When I read For Whom the Bell Tolls, I remember expecting a plot twist every page. I expected that someone would be a double agent and betray Robert Jordan. But that was what a lesser novel would do, and my expectations were inflated by television and spy novels. What Hemingway set out to do was write how it would have really happened according to his experience, and taken in that vein the novel is very true. Any exaggerations or twists would have been superficial and inappropriate.

That said, For Whom the Bell Tolls is not without moments of sublimity. There is that wonderful depiction of El Sordo's last stand on the hill. The savage communist uprising of Pablo's village is also quite memorable, as was the showdown where Pablo refused to be baited into a fight. That stuff was intense. Then there's the wonderful opening and closing sections so full of peace and nature. The novel has delightful sections of humor to, like when that foul mouthed guerilla talked about defecating in the enemy plane's engines at 30,000 feet, or when he's almost shot delivering a message because the guards are lazy. The section where the old man dies is powerful, and I don't think I'll forget Pablo shooting those men in the back. The book definitely has it's moments.

Virgil
12-11-2009, 11:31 AM
I've been wracking my brain trying to think of a proper way to respond without spending all day at my keyboard and typing lengthy and tedious explanations of Hemingway's style. Noisms beat me to it, and summed it up better than I possibly could. Hemingway is more about emotion than intellect, although he does have an intellectual side.

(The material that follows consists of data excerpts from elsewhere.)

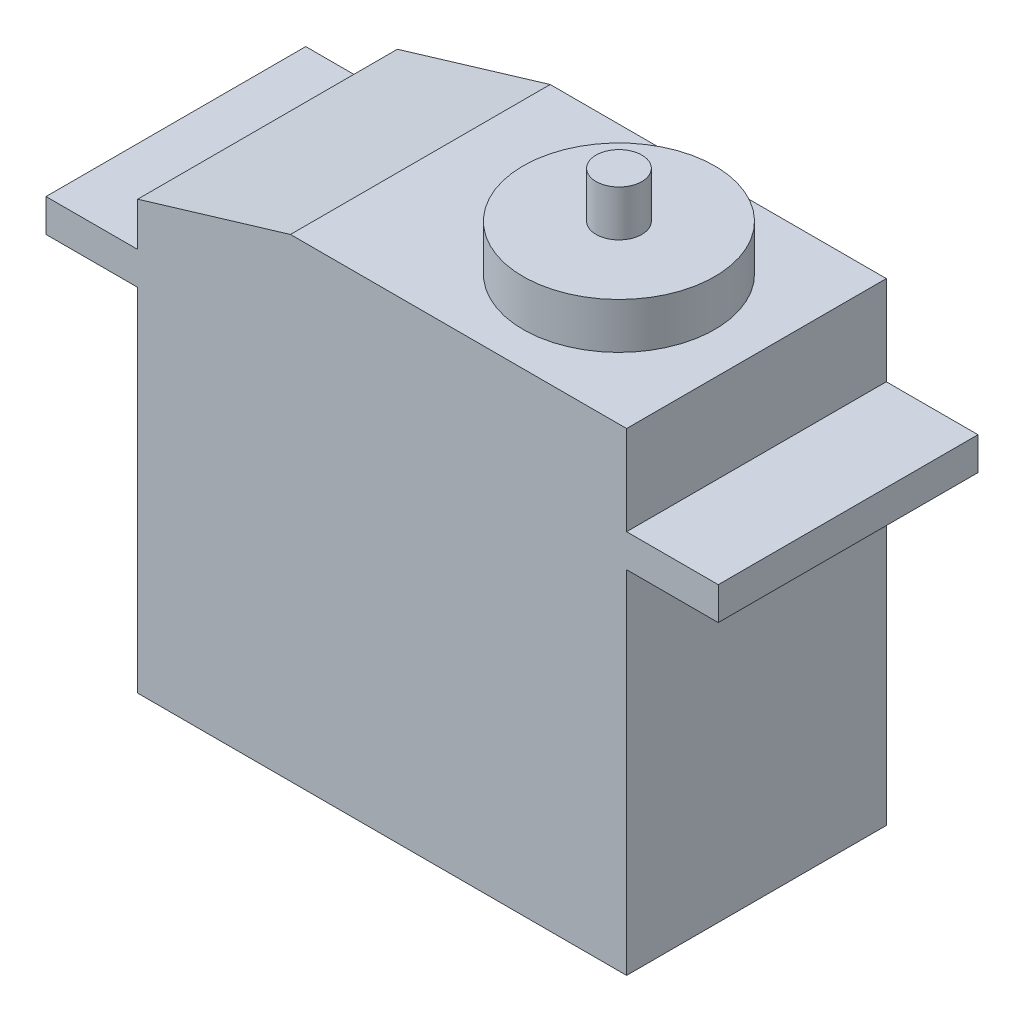
from build123d import *

# Parameters (mm, degrees)
BOSS_EXTRUDE1_DEPTH = 17
SKETCH2_W           = 44
SKETCH2_H           = 17
BOSS_EXTRUDE2_DEPTH = 2.15
SKETCH3_R           = 6.275
BOSS_EXTRUDE3_DEPTH = 3
SKETCH4_R           = 1.5
BOSS_EXTRUDE4_DEPTH = 3


with BuildPart() as part:
    # Sketch1 → Boss-Extrude1 (new body)
    with BuildSketch(Plane.XY):
        Polygon((-16, 12.5), (-6, 15.5), (16, 15.5), (16, -15.5), (-16, -15.5), align=None)
    extrude(amount=-BOSS_EXTRUDE1_DEPTH)

    # Sketch2 → Boss-Extrude2 (add)
    with BuildSketch(Plane(origin=(0, 7.5, 0), x_dir=(1, 0, 0), z_dir=(0, 1, 0))):
        with Locations((0, 8.5)):
            Rectangle(SKETCH2_W, SKETCH2_H)
    extrude(amount=BOSS_EXTRUDE2_DEPTH)

    # Sketch3 → Boss-Extrude3 (add)
    with BuildSketch(Plane(origin=(0, 15.5, 0), x_dir=(1, 0, 0), z_dir=(0, 1, 0))):
        with Locations(Location((7, 8.5, 0), (0, 0, 180))):
            Circle(SKETCH3_R)
    extrude(amount=BOSS_EXTRUDE3_DEPTH)

    # Sketch4 → Boss-Extrude4 (add)
    with BuildSketch(Plane(origin=(0, 18.5, 0), x_dir=(1, 0, 0), z_dir=(0, 1, 0))):
        with Locations(Location((7, 8.5, 0), (0, 0, 180))):
            Circle(SKETCH4_R)
    extrude(amount=BOSS_EXTRUDE4_DEPTH)


solid = part.part

Hehe, sorry to have caused you anguish. I don't know if Hemingway is so much about emotion, any more than any other writer. When he's "on" he captures life and the moment as well as anyone. When he's not "on", he's flat, or sometimes mawkish, or melodramtic.

Oh I must put in a good word for A Moveable Feast. Not sure if that was mentioned here. That's a well written work. I definitely recommend it.

Mariamosis
12-14-2009, 07:49 PM
I absolutely loved 'The Old Man and the Sea'!

I also read Hemmingway's 'The Garden of Eden', which I enjoyed reading, however, I wouldn't consider it one of my favorites.

Which Hemmingway should I tackle next?

Jeremydav
12-15-2009, 02:40 PM
Farewell to Arms is a classic. If not then The Sun Also Rises or For Whom the Bell Tolls (I read this one, but not The Sun Also Rises).